Task objective: Restate word for word the lines of the material below, from the line with "settings SimscapeCC: SimscapeNormalizeSystem=off" to the line with "Controlled Voltage Source : powerlib/Electrical", both lines included, and no others.

*** Opening Data records ***

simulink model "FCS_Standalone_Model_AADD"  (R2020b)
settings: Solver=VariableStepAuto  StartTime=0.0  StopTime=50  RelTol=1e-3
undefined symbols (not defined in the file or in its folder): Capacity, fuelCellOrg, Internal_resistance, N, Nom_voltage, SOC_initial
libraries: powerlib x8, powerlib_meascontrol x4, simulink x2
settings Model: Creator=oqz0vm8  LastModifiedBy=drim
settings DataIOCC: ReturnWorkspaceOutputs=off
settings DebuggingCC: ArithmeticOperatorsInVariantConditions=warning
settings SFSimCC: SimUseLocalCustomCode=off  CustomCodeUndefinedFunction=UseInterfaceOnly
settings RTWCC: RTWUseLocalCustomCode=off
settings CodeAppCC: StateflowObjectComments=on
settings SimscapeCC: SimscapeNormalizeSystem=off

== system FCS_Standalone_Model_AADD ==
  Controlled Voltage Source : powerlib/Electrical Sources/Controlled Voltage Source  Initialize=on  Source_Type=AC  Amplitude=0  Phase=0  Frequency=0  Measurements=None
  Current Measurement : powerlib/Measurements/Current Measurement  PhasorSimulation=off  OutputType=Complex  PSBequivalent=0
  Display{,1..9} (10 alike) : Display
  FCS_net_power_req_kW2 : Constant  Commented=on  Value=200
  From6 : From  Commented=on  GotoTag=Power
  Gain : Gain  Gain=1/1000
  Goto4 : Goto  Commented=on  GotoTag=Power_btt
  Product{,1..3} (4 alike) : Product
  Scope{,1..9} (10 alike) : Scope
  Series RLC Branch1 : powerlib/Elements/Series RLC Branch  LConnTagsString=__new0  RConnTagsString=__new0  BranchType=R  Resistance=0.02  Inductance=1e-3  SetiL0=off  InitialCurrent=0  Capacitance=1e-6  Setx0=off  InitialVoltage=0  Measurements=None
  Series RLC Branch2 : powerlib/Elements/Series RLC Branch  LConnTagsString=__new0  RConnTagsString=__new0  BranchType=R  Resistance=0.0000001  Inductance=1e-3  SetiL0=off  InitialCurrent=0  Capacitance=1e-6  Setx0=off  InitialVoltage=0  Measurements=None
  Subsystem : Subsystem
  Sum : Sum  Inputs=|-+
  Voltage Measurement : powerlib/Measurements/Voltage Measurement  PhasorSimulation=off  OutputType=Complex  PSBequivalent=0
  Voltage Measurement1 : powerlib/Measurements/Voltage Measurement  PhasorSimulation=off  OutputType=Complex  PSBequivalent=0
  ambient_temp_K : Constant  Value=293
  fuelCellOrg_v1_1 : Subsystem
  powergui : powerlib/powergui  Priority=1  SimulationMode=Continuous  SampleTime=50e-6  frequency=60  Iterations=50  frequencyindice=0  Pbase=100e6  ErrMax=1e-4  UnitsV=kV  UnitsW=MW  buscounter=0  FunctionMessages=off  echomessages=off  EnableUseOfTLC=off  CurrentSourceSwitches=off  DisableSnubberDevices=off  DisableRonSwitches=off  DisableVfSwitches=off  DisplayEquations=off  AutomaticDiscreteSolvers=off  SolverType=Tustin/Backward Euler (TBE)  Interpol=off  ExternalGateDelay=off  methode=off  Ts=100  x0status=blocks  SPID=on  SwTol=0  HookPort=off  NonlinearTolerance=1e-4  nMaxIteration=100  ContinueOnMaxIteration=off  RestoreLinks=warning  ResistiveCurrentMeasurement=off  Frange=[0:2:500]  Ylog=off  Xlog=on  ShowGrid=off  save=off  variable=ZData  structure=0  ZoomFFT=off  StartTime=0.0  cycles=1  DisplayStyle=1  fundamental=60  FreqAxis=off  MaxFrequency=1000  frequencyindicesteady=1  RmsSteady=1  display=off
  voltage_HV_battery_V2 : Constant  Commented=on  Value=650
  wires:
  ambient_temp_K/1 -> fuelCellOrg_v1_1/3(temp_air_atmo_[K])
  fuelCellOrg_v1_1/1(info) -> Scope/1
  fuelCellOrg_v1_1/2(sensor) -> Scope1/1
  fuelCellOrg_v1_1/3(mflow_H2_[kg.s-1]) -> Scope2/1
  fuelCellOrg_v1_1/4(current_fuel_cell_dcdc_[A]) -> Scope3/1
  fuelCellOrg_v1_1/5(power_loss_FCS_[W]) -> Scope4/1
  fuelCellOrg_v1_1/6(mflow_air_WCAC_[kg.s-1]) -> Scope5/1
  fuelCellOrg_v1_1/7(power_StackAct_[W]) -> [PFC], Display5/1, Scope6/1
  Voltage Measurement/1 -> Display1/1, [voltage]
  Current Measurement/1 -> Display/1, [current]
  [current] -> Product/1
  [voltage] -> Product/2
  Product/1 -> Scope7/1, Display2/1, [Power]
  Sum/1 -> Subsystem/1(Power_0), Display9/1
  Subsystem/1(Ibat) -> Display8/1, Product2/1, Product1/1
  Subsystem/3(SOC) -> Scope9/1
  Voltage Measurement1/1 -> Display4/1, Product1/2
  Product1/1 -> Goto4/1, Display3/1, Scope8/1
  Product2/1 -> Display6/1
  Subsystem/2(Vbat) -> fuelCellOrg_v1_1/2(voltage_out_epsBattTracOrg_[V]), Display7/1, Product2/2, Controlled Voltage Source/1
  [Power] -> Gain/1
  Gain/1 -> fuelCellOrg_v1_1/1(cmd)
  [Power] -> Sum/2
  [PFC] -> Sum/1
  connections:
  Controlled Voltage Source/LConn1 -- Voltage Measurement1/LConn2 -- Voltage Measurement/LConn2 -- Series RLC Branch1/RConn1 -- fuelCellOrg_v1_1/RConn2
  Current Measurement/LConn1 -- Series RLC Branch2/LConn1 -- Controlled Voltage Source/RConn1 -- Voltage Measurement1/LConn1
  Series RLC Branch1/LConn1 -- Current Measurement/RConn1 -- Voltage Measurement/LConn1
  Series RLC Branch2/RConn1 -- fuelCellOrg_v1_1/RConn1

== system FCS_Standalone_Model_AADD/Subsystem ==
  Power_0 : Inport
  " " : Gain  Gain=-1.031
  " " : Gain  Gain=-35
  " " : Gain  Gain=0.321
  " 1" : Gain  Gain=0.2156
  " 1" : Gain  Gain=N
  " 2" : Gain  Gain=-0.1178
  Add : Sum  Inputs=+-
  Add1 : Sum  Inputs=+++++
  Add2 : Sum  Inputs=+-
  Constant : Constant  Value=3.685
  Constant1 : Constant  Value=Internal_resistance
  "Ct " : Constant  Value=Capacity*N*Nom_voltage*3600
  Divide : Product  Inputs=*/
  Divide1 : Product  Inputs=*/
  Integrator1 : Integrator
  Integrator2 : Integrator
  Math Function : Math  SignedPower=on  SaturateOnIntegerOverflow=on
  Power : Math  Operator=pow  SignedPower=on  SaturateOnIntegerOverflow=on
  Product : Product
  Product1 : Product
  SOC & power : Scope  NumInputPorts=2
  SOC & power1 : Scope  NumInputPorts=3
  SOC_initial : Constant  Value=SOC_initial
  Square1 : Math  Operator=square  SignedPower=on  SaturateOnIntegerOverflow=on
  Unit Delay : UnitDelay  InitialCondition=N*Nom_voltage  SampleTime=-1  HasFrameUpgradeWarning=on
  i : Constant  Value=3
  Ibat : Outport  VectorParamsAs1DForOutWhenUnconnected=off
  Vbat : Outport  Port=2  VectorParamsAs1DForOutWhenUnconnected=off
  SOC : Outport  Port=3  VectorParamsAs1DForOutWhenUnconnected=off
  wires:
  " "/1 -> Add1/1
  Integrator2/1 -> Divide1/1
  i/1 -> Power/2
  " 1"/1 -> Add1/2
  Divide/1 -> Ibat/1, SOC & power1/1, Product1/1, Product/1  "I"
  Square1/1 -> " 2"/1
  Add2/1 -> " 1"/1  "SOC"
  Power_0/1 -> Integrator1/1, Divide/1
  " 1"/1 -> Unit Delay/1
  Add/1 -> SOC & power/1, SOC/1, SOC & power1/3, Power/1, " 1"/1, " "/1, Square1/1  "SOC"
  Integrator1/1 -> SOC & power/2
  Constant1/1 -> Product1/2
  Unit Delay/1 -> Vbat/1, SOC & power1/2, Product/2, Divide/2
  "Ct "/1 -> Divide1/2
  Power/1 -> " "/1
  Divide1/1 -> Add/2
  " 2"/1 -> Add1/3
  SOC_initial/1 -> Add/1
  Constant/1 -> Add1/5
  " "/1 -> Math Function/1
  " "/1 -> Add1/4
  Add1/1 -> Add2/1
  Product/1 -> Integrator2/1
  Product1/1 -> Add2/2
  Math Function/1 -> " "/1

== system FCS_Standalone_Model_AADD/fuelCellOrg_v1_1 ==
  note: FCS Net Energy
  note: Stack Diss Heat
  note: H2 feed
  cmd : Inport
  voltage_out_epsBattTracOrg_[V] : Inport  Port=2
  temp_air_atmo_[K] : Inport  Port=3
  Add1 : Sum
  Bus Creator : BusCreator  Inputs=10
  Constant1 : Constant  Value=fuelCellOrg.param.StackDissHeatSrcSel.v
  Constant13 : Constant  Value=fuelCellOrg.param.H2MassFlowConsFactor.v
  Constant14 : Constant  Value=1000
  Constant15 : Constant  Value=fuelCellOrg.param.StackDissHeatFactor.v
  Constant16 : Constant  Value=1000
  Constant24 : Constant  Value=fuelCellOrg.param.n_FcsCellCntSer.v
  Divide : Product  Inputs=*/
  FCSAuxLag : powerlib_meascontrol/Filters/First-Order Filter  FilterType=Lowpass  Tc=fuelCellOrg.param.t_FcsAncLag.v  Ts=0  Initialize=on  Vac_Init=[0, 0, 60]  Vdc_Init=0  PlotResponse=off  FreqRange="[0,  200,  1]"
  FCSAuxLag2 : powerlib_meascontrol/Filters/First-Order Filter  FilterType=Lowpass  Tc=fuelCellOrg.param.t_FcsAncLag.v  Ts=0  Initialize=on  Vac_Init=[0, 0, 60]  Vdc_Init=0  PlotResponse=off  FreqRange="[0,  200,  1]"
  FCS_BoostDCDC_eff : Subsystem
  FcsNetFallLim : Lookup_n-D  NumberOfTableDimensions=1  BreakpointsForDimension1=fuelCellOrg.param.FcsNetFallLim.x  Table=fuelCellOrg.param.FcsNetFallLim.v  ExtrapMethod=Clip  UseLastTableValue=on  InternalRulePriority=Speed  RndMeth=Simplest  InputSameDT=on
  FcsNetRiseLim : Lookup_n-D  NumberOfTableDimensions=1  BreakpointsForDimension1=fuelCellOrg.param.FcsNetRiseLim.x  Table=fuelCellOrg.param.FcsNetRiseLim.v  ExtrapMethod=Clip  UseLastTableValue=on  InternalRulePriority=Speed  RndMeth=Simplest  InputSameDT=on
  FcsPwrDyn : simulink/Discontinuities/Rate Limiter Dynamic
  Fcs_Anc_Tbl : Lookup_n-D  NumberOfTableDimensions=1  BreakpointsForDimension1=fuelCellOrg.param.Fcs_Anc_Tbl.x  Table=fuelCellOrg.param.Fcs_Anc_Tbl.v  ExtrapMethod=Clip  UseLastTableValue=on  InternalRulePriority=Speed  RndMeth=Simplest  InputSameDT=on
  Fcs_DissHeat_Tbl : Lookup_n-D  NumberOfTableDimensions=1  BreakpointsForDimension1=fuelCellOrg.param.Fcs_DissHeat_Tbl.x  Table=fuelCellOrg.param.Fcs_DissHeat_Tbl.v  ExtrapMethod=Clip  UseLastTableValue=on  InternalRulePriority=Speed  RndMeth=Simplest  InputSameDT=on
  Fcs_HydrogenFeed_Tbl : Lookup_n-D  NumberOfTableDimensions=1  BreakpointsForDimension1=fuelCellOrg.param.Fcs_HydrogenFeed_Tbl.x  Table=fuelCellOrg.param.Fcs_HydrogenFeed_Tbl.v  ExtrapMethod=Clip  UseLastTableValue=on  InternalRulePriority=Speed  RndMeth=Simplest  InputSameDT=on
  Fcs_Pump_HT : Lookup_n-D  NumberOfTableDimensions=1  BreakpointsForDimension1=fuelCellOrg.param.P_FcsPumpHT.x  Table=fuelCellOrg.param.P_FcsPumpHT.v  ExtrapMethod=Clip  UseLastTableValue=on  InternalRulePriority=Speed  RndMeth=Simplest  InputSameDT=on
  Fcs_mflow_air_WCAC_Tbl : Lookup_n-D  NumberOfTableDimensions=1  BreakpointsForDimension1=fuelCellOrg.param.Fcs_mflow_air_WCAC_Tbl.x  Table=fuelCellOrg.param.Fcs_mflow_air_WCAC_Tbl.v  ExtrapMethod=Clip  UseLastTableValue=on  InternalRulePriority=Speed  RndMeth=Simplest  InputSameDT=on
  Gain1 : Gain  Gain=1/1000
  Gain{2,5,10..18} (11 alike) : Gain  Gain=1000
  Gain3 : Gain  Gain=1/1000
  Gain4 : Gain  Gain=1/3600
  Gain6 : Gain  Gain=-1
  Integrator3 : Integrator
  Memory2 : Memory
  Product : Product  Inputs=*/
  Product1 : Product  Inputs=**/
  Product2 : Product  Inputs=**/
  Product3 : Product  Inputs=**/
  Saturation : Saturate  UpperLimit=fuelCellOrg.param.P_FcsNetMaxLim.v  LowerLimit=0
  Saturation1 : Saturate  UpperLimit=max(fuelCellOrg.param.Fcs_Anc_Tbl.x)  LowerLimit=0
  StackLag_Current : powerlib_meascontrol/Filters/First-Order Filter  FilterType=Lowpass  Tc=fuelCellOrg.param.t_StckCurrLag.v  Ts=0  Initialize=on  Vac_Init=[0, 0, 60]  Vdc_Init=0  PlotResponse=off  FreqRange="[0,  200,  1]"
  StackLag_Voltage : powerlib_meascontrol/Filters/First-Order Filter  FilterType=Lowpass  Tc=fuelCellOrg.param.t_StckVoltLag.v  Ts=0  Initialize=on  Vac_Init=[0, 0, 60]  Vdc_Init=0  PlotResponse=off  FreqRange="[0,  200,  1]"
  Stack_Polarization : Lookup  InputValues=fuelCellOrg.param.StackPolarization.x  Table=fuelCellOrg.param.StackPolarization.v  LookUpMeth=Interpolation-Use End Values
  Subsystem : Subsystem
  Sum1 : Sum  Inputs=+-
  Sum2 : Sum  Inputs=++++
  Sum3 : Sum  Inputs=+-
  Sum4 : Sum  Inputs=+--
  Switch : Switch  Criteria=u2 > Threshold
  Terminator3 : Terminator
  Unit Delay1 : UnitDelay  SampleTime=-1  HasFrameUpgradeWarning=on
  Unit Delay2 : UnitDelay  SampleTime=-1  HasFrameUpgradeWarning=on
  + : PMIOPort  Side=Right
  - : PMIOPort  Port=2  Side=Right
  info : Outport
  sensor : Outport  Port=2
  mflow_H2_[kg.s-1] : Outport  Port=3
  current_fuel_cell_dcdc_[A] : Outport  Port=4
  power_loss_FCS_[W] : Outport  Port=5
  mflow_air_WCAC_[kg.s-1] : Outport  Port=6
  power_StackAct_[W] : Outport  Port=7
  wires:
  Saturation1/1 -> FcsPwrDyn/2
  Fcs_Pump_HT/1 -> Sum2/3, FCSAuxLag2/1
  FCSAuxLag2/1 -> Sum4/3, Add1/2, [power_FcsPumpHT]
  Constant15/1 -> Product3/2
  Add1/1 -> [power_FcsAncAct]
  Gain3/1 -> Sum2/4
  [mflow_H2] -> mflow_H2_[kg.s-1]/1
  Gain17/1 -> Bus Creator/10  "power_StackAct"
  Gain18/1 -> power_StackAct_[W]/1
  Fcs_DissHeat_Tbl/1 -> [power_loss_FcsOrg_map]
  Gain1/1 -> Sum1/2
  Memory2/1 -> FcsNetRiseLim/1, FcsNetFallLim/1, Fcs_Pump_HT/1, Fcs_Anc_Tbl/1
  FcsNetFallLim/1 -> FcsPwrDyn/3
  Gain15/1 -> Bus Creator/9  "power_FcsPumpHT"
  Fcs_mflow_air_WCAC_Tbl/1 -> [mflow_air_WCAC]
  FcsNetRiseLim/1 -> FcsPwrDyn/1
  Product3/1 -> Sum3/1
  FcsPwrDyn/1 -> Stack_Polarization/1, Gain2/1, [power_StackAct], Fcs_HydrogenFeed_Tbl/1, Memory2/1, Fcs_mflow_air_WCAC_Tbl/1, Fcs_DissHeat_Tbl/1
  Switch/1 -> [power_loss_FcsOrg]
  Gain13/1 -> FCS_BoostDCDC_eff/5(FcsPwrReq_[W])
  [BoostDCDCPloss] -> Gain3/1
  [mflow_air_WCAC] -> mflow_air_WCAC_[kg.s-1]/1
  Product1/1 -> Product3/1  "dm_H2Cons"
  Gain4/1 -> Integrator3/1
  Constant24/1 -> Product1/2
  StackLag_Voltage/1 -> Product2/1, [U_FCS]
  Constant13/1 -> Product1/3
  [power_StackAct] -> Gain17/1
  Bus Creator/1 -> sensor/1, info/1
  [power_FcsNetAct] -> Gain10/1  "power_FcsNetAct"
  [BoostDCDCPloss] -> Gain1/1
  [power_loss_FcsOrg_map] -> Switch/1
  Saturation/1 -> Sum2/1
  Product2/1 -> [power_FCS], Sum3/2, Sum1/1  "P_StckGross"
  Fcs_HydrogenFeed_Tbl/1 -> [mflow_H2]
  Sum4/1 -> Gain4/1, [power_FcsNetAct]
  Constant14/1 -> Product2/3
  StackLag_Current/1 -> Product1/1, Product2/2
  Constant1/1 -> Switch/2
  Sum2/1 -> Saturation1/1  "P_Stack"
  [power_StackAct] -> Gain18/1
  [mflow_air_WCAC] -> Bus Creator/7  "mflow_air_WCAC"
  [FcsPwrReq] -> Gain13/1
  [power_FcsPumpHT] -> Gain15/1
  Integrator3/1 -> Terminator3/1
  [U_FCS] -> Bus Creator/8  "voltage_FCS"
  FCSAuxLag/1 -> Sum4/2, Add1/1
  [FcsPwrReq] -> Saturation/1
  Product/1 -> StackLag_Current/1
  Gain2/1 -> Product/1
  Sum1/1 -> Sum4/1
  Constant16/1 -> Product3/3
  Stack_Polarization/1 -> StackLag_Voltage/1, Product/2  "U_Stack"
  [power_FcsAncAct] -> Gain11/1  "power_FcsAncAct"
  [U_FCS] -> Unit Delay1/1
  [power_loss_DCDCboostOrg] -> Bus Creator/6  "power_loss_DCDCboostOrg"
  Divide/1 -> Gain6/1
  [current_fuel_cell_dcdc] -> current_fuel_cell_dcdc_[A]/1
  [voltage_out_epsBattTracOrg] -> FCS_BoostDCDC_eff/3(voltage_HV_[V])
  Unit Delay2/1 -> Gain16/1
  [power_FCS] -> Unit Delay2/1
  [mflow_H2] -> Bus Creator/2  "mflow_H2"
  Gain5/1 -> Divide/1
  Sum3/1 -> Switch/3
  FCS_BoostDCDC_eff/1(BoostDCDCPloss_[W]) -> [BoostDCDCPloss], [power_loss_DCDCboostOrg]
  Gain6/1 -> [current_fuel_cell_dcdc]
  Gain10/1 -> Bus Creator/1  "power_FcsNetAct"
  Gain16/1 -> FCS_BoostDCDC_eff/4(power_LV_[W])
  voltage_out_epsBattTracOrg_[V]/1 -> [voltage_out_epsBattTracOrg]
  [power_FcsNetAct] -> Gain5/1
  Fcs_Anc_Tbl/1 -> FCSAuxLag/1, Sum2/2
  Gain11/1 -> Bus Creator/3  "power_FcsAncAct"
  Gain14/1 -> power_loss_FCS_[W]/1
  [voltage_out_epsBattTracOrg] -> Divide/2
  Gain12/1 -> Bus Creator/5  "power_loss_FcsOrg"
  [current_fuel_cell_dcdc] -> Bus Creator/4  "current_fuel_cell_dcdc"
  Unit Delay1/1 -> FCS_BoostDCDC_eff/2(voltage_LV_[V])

*** Closing Data records ***

Output of the task:
settings SimscapeCC: SimscapeNormalizeSystem=off

== system FCS_Standalone_Model_AADD ==
  Controlled Voltage Source : powerlib/Electrical Sources/Controlled Voltage Source  Initialize=on  Source_Type=AC  Amplitude=0  Phase=0  Frequency=0  Measurements=None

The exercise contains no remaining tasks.